Be advised that one of the nice things about python reg-exes is that they
allow in-line comments (and naming of groups), if compiled with the verbose-
flag:

    
    
        """ SPLIT INPUT INTO SENTENCES"""
        verbose_regex = r'''(?<!\d)  # I can't actually tell
          (?<![A-Z]\.)(?<!\.[a-z]\.) # what you're doing here...
          (?<!\.\.\.)(?<!etc\.)      # Is this one big group, or is
          (?<![Mm]r\.)(?<![Pp]rof\.) # it several groups, with
          (?<![Dd]r\.)(?<![Mm]rs\.)  # different prefixes?

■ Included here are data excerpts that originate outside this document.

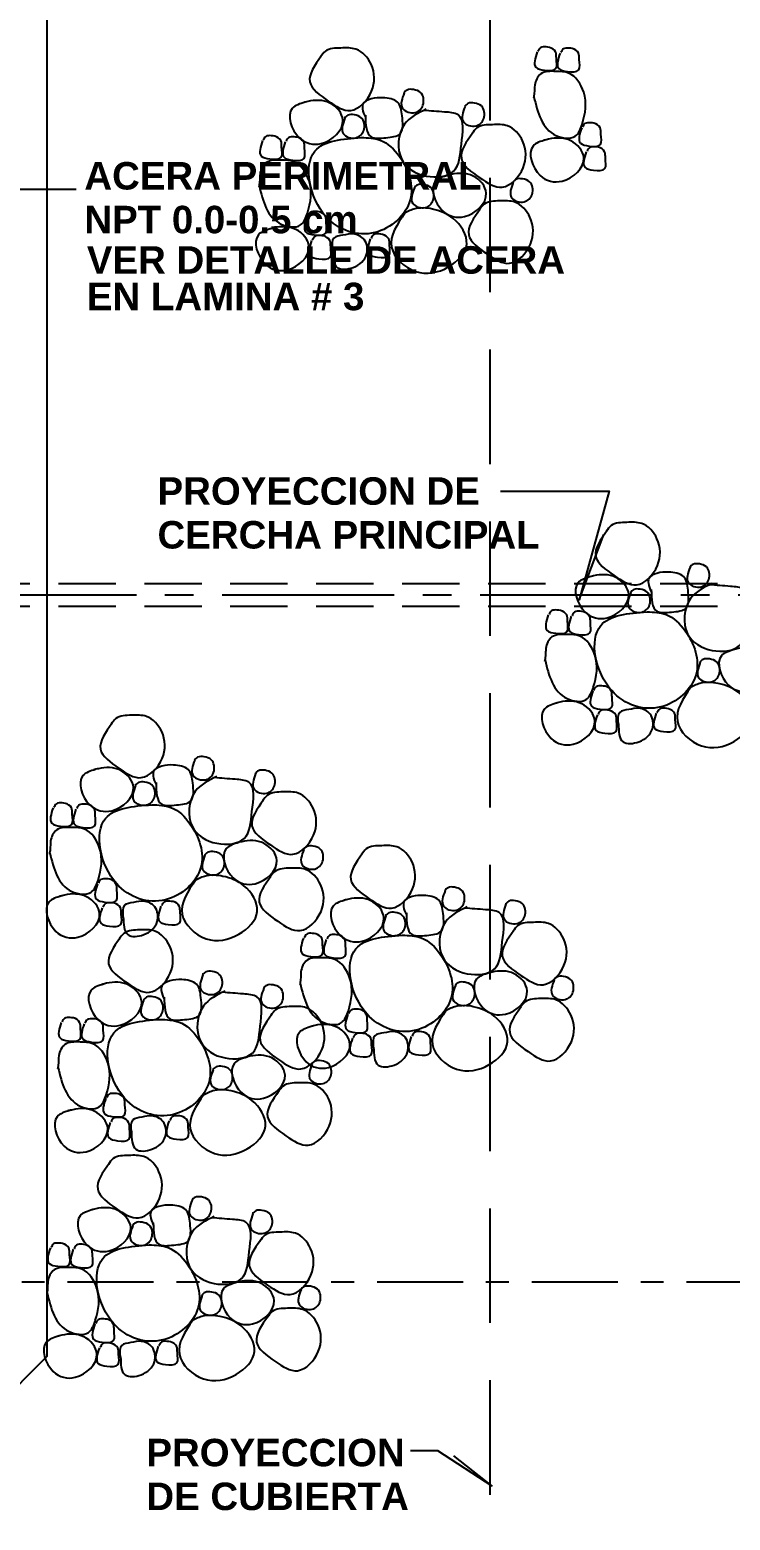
# Model space of a CAD drawing. Extents: x 504.5 to 598.6, y 648.3 to 688.4.
# Drawn here: x 534.96 to 538.02, y 661.02 to 667.53 of the extents above; entities that cross this region are included whole.
import ezdxf

# ---------------------------------------------------------------- set-up
doc = ezdxf.new("R2010")
doc.units = 0
doc.header["$MEASUREMENT"] = 0
doc.linetypes.add('CENTER2', pattern=[1.125, 0.75, -0.125, 0.125, -0.125])
doc.linetypes.add('HIDDEN', pattern=[0.375, 0.25, -0.125])
doc.layers.get('0').update_dxf_attribs({"linetype": 'CONTINUOUS'})
doc.layers.get('DEFPOINTS').update_dxf_attribs({"linetype": 'CONTINUOUS'})
for name, color, linetype in [('1', 6, 'CONTINUOUS'), ('2', 1, 'CONTINUOUS'), ('EJES', 6, 'CENTER2'), ('PROYECCIONES', 6, 'HIDDEN'), ('texturas', 6, 'CONTINUOUS')]:
    doc.layers.add(name, color=color, linetype=linetype)
doc.styles.add('ALR4', font='sanssb__.ttf')
doc.dimstyles.new('1-50', dxfattribs={"dimscale": 0.6, "dimtxt": 0.18, "dimasz": 0.18, "dimexe": 0.18, "dimexo": 0.0625, "dimgap": 0.09, "dimtad": 1, "dimzin": 4, "dimdsep": 46, "dimtxsty": 'Standard', "dimblk1": 'ARCHTICK', "dimblk2": 'ARCHTICK', "dimsah": 1, "dimcen": 0.09, "dimdle": 0.18, "dimclrd": 6, "dimclre": 6, "dimclrt": 1, "dimadec": 0, "dimazin": 0, "dimtfac": 1, "dimtofl": 0, "dimtmove": 0, "dimatfit": 3, "dimldrblk": 'ARCHTICK', "dimfxl": 1, "dimtolj": 1, "dimtzin": 4, "dimarcsym": 0})

# ---------------------------------------------------------------- blocks, each defined once
blk = doc.blocks.new('_ARCHTICK')
at = {"color": 0, "linetype": 'ByBlock', "const_width": 0.15}
blk.add_lwpolyline([(-0.5, -0.5), (0.5, 0.5)], dxfattribs=at)
blk = doc.blocks.new('*D73')
at = {"color": 6, "linetype": 'ByBlock', "transparency": 16777216}
blk.add_arc((531.3727, 659.0641), 0.8835, 0, 45, dxfattribs=at)
at = {"layer": 'DEFPOINTS', "color": 0, "linetype": 'ByBlock', "transparency": 16777216}
for p in [(534.3373, 662.0287), (532.2262, 659.2927), (505.4273, 659.0641), (531.3873, 659.0787), (544.8842, 659.0641)]:
    blk.add_point(p, dxfattribs=at)
at = {"color": 6, "linetype": 'ByBlock', "transparency": 16777216, "xscale": 0.108, "yscale": 0.108, "zscale": 0.108}
for p, rotation in [((531.9975, 659.6888), 134.9999999999654), ((532.2563, 659.0641), 270.0000000000001)]:
    blk.add_blockref('_ARCHTICK', p, dxfattribs=dict(at, rotation=rotation))
at = {"color": 1, "linetype": 'ByBlock', "transparency": 16777216, "insert": (532.2905, 659.4442), "char_height": 0.108, "attachment_point": 5, "rotation": 292.5, "style": 'ALR4'}
blk.add_mtext('\\A1;45.00°', dxfattribs=at)
blk = doc.blocks.new('*D75')
at = {"color": 6, "linetype": 'ByBlock', "transparency": 16777216}
blk.add_arc((534.2623, 671.099), 2.0286, 90, 135, dxfattribs=at)
at = {"layer": 'DEFPOINTS', "color": 0, "linetype": 'ByBlock', "transparency": 16777216}
for p in [(534.2623, 683.009), (523.6674, 681.6939), (533.7373, 673.0584), (536.1168, 669.2445), (534.2623, 649.3383)]:
    blk.add_point(p, dxfattribs=at)
at = {"color": 6, "linetype": 'ByBlock', "transparency": 16777216, "xscale": 0.108, "yscale": 0.108, "zscale": 0.108}
for p, rotation in [((534.2623, 673.1276), 359.9999999999992), ((532.8279, 672.5334), 224.9999999999957)]:
    blk.add_blockref('_ARCHTICK', p, dxfattribs=dict(at, rotation=rotation))
at = {"color": 1, "linetype": 'ByBlock', "transparency": 16777216, "insert": (533.444, 673.0746), "char_height": 0.108, "attachment_point": 5, "rotation": 22.5, "style": 'ALR4'}
blk.add_mtext('\\A1;45.00°', dxfattribs=at)
blk = doc.blocks.new('*D249')
at = {"color": 6, "linetype": 'ByBlock', "transparency": 16777216}
blk.add_arc((519.1311, 659.0641), 0.7852, 135, 180, dxfattribs=at)
at = {"layer": 'DEFPOINTS', "color": 0, "linetype": 'ByBlock', "transparency": 16777216}
for p in [(516.1665, 662.0287), (518.4511, 659.4567), (505.4273, 659.0641), (519.1165, 659.0787), (544.8842, 659.0641)]:
    blk.add_point(p, dxfattribs=at)
at = {"color": 6, "linetype": 'ByBlock', "transparency": 16777216, "xscale": 0.108, "yscale": 0.108, "zscale": 0.108}
for p, rotation in [((518.5759, 659.6193), 45.00000000003484), ((518.3459, 659.0641), 269.9999999999998)]:
    blk.add_blockref('_ARCHTICK', p, dxfattribs=dict(at, rotation=rotation))
at = {"color": 1, "linetype": 'ByBlock', "transparency": 16777216, "insert": (518.3042, 659.4066), "char_height": 0.108, "attachment_point": 5, "rotation": 67.5, "style": 'ALR4'}
blk.add_mtext('\\A1;45.00°', dxfattribs=at)

msp = doc.modelspace()

# ---------------------------------------------------------------- linework, layer by layer
at = {"layer": '1'}
for points in [[(536.4264, 667.1577), (536.4514, 667.0633), (536.5155, 667.0597), (536.5778, 667.0775), (536.5867, 667.1559), (536.5671, 667.2146), (536.503, 667.2342), (536.4514, 667.2289), (536.4157, 667.2057), (536.4139, 667.1861), (536.4264, 667.1488)], [(536.1628, 667.2146), (536.1075, 667.1879), (536.1378, 667.0597), (536.234, 667.0348), (536.3284, 667.1363), (536.2714, 667.2111), (536.1752, 667.2182), (536.1538, 667.2128)], [(536.6919, 667.1844), (536.5974, 667.1185), (536.585, 666.9654), (536.6919, 666.8924), (536.8112, 666.9138), (536.8451, 667.0313), (536.8308, 667.1594), (536.772, 667.1719), (536.6812, 667.179)], [(536.3373, 667.1452), (536.3302, 667.0775), (536.3854, 667.0597), (536.4193, 667.0918), (536.4086, 667.147), (536.3783, 667.1594), (536.3498, 667.1577), (536.3356, 667.1452)], [(536.4084, 667.0607), (536.2066, 667.0014), (536.2541, 666.7167), (536.4677, 666.6456), (536.622, 666.7879), (536.5745, 666.9777), (536.4914, 667.0489), (536.4084, 667.0607)], [(535.9632, 666.8515), (536.0594, 666.6823), (536.1432, 666.6788), (536.1734, 666.7304), (536.1806, 666.871), (536.1147, 666.9547), (536.0594, 666.9618), (535.9935, 666.9511), (535.9668, 666.9013), (535.965, 666.8675), (535.9614, 666.8443)], [(536.7881, 666.896), (536.7328, 666.8693), (536.7631, 666.7411), (536.8593, 666.7161), (536.9537, 666.8176), (536.8967, 666.8924), (536.8005, 666.8995), (536.7791, 666.8942)], [(536.6402, 666.8408), (536.6331, 666.7731), (536.6883, 666.7553), (536.7221, 666.7874), (536.7114, 666.8425), (536.6812, 666.855), (536.6527, 666.8532), (536.6384, 666.8408)], [(536.1717, 666.7161), (536.1663, 666.6485), (536.2037, 666.636), (536.2536, 666.6432), (536.2554, 666.6877), (536.2518, 666.7161), (536.2251, 666.7357), (536.2109, 666.7375), (536.1859, 666.734), (536.1752, 666.7179)], [(536.5992, 666.7322), (536.5404, 666.5826), (536.6455, 666.4758), (536.7881, 666.4954), (536.8682, 666.5951), (536.8094, 666.7072), (536.7186, 666.7482), (536.6384, 666.7482), (536.5921, 666.7268)], [(536.1913, 666.6111), (536.1859, 666.5435), (536.2233, 666.531), (536.2732, 666.5381), (536.275, 666.5826), (536.2714, 666.6111), (536.2447, 666.6307), (536.2304, 666.6325), (536.2055, 666.6289), (536.1948, 666.6129)], [(536.2839, 666.5719), (536.3035, 666.4936), (536.373, 666.4936), (536.4318, 666.5506), (536.4211, 666.6147), (536.373, 666.6396), (536.3284, 666.6343), (536.2892, 666.6218), (536.2821, 666.5719)], [(536.4478, 666.6182), (536.4424, 666.5506), (536.4799, 666.5381), (536.5297, 666.5452), (536.5315, 666.5897), (536.528, 666.6182), (536.5012, 666.6378), (536.487, 666.6396), (536.462, 666.636), (536.4514, 666.62)], [(535.9816, 664.1679), (535.9317, 664.0557), (536.0119, 663.9721), (536.1099, 663.9311), (536.2007, 664.0148), (536.1989, 664.1323), (536.133, 664.1982), (536.0671, 664.2035), (535.9994, 664.1893), (535.978, 664.1643)], [(535.495, 664.1475), (535.2932, 664.0882), (535.3407, 663.8035), (535.5544, 663.7324), (535.7087, 663.8747), (535.6612, 664.0645), (535.5781, 664.1357), (535.495, 664.1475)], [(535.8747, 663.9827), (535.8195, 663.956), (535.8498, 663.8279), (535.946, 663.8029), (536.0404, 663.9044), (535.9834, 663.9792), (535.8872, 663.9863), (535.8658, 663.981)], [(535.7268, 663.9276), (535.7197, 663.8599), (535.7749, 663.8421), (535.8088, 663.8741), (535.7981, 663.9293), (535.7678, 663.9418), (535.7393, 663.94), (535.7251, 663.9276)], [(536.158, 663.9525), (536.1508, 663.8848), (536.2061, 663.867), (536.2399, 663.8991), (536.2292, 663.9543), (536.1989, 663.9667), (536.1704, 663.9649), (536.1562, 663.9525)], [(536.0137, 663.835), (535.9638, 663.7228), (536.0439, 663.6391), (536.1419, 663.5982), (536.2328, 663.6819), (536.231, 663.7994), (536.1651, 663.8652), (536.0992, 663.8706), (536.0315, 663.8563), (536.0101, 663.8314)], [(535.6859, 663.819), (535.6271, 663.6694), (535.7322, 663.5626), (535.8747, 663.5822), (535.9549, 663.6819), (535.8961, 663.794), (535.8052, 663.835), (535.7251, 663.835), (535.6787, 663.8136)], [(535.3705, 663.6587), (535.3901, 663.5804), (535.4596, 663.5804), (535.5184, 663.6374), (535.5077, 663.7015), (535.4596, 663.7264), (535.4151, 663.721), (535.3759, 663.7086), (535.3688, 663.6587)], [(535.5344, 663.705), (535.5291, 663.6374), (535.5665, 663.6249), (535.6164, 663.632), (535.6182, 663.6765), (535.6146, 663.705), (535.5879, 663.7246), (535.5736, 663.7264), (535.5487, 663.7228), (535.538, 663.7068)], [(536.3414, 663.7321), (536.2862, 663.7054), (536.3165, 663.5772), (536.4127, 663.5522), (536.5071, 663.6537), (536.4501, 663.7285), (536.3539, 663.7356), (536.3325, 663.7303)], [(535.3563, 663.5655), (535.3064, 663.4534), (535.3866, 663.3697), (535.4845, 663.3287), (535.5754, 663.4124), (535.5736, 663.5299), (535.5077, 663.5958), (535.4418, 663.6011), (535.3741, 663.5869), (535.3527, 663.562)], [(536.1561, 663.5647), (536.1508, 663.4971), (536.1882, 663.4846), (536.2381, 663.4917), (536.2399, 663.5362), (536.2363, 663.5647), (536.2096, 663.5843), (536.1953, 663.5861), (536.1704, 663.5825), (536.1597, 663.5665)], [(536.2559, 663.5594), (536.2506, 663.4917), (536.288, 663.4793), (536.3378, 663.4864), (536.3396, 663.5309), (536.3361, 663.5594), (536.3093, 663.5789), (536.2951, 663.5807), (536.2701, 663.5772), (536.2595, 663.5611)], [(536.1419, 663.3689), (536.2381, 663.1997), (536.3218, 663.1962), (536.3521, 663.2478), (536.3592, 663.3885), (536.2933, 663.4721), (536.2381, 663.4793), (536.1722, 663.4686), (536.1454, 663.4187), (536.1437, 663.3849), (536.1401, 663.3618)], [(535.7179, 663.4053), (535.7108, 663.3376), (535.766, 663.3198), (535.7999, 663.3519), (535.7892, 663.4071), (535.7589, 663.4195), (535.7304, 663.4178), (535.7161, 663.4053)], [(535.5487, 663.3074), (535.5736, 663.213), (535.6377, 663.2095), (535.7001, 663.2273), (535.709, 663.3056), (535.6894, 663.3643), (535.6253, 663.3839), (535.5736, 663.3786), (535.538, 663.3554), (535.5362, 663.3359), (535.5487, 663.2985)], [(535.8141, 663.3341), (535.7197, 663.2682), (535.7072, 663.1151), (535.8141, 663.0421), (535.9335, 663.0635), (535.9673, 663.181), (535.9531, 663.3092), (535.8943, 663.3216), (535.8034, 663.3287)], [(535.9834, 663.3465), (535.9762, 663.2789), (536.0315, 663.2611), (536.0653, 663.2931), (536.0546, 663.3483), (536.0243, 663.3608), (535.9958, 663.359), (535.9816, 663.3465)], [(535.4596, 663.2949), (535.4525, 663.2273), (535.5077, 663.2095), (535.5415, 663.2415), (535.5309, 663.2967), (535.5006, 663.3092), (535.4721, 663.3074), (535.4578, 663.2949)], [(536.0172, 663.2308), (535.9673, 663.1187), (536.0475, 663.035), (536.1455, 662.994), (536.2363, 663.0777), (536.2345, 663.1952), (536.1686, 663.2611), (536.1027, 663.2664), (536.035, 663.2522), (536.0136, 663.2273)], [(535.5306, 663.2105), (535.3288, 663.1511), (535.3763, 662.8665), (535.59, 662.7953), (535.7443, 662.9376), (535.6968, 663.1274), (535.6137, 663.1986), (535.5306, 663.2105)], [(536.1935, 663.1802), (536.1383, 663.1535), (536.1686, 663.0253), (536.2648, 663.0004), (536.3592, 663.1018), (536.3022, 663.1766), (536.206, 663.1837), (536.1846, 663.1784)], [(535.7624, 662.9905), (535.7553, 662.9228), (535.8105, 662.905), (535.8444, 662.9371), (535.8337, 662.9923), (535.8034, 663.0047), (535.7749, 663.0029), (535.7607, 662.9905)], [(535.9103, 663.0457), (535.8551, 663.019), (535.8854, 662.8908), (535.9816, 662.8659), (536.076, 662.9673), (536.019, 663.0421), (535.9228, 663.0492), (535.9014, 663.0439)], [(536.1936, 663.0154), (536.1864, 662.9478), (536.2417, 662.93), (536.2755, 662.962), (536.2648, 663.0172), (536.2345, 663.0296), (536.206, 663.0279), (536.1918, 663.0154)], [(536.0493, 662.8979), (535.9994, 662.7857), (536.0796, 662.7021), (536.1775, 662.6611), (536.2684, 662.7448), (536.2666, 662.8623), (536.2007, 662.9282), (536.1348, 662.9335), (536.0671, 662.9193), (536.0457, 662.8943)], [(535.7215, 662.8819), (535.6627, 662.7323), (535.7678, 662.6255), (535.9103, 662.6451), (535.9905, 662.7448), (535.9317, 662.857), (535.8408, 662.8979), (535.7607, 662.8979), (535.7143, 662.8765)], [(535.4062, 662.7217), (535.4257, 662.6433), (535.4952, 662.6433), (535.554, 662.7003), (535.5433, 662.7644), (535.4952, 662.7893), (535.4507, 662.784), (535.4115, 662.7715), (535.4044, 662.7217)], [(535.57, 662.7679), (535.5647, 662.7003), (535.6021, 662.6878), (535.652, 662.695), (535.6538, 662.7395), (535.6502, 662.7679), (535.6235, 662.7875), (535.6092, 662.7893), (535.5843, 662.7857), (535.5736, 662.7697)]]:
    msp.add_spline(points, degree=3, dxfattribs=at)
at = {"layer": '2'}
for points in [[(535.1649, 666.8336), (534.797, 666.8336), (534.6545, 666.4303), (534.7258, 666.7387)], [(537.0151, 665.5166), (537.4899, 665.5166), (537.3594, 665.0421), (537.4662, 665.3268)], [(536.6225, 661.3282), (536.7412, 661.3282), (536.9786, 661.174), (536.8125, 661.3045)]]:
    msp.add_lwpolyline(points, dxfattribs=at)
for points in [[(536.234, 667.4158), (536.1841, 667.3036), (536.2643, 667.22), (536.3623, 667.179), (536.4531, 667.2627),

          (?<![Mm]s\.)(?<![Mm]z\.)(?<![Mm]me\.) # Clearly, it's got something to do
          (?:(?<=[.!?])|(?<=[.!?]['"]))[\s]+?(?=[\S])''' # with
                     # not matching the dot at the end of Dr.
                     # or as part of an ellipsis as the end of a
                     # sentence? But my point was that if such a
                     # regex is built-up and tested with comments
                     # it can be quite readable
    
          god_awful_regex = re.compile(verbose_regex,
                                         re.VERBOSE)
          # continue here...
    

[http://www.diveintopython.net/regular_expressions/verbose.ht...](http://www.diveintopython.net/regular_expressions/verbose.html)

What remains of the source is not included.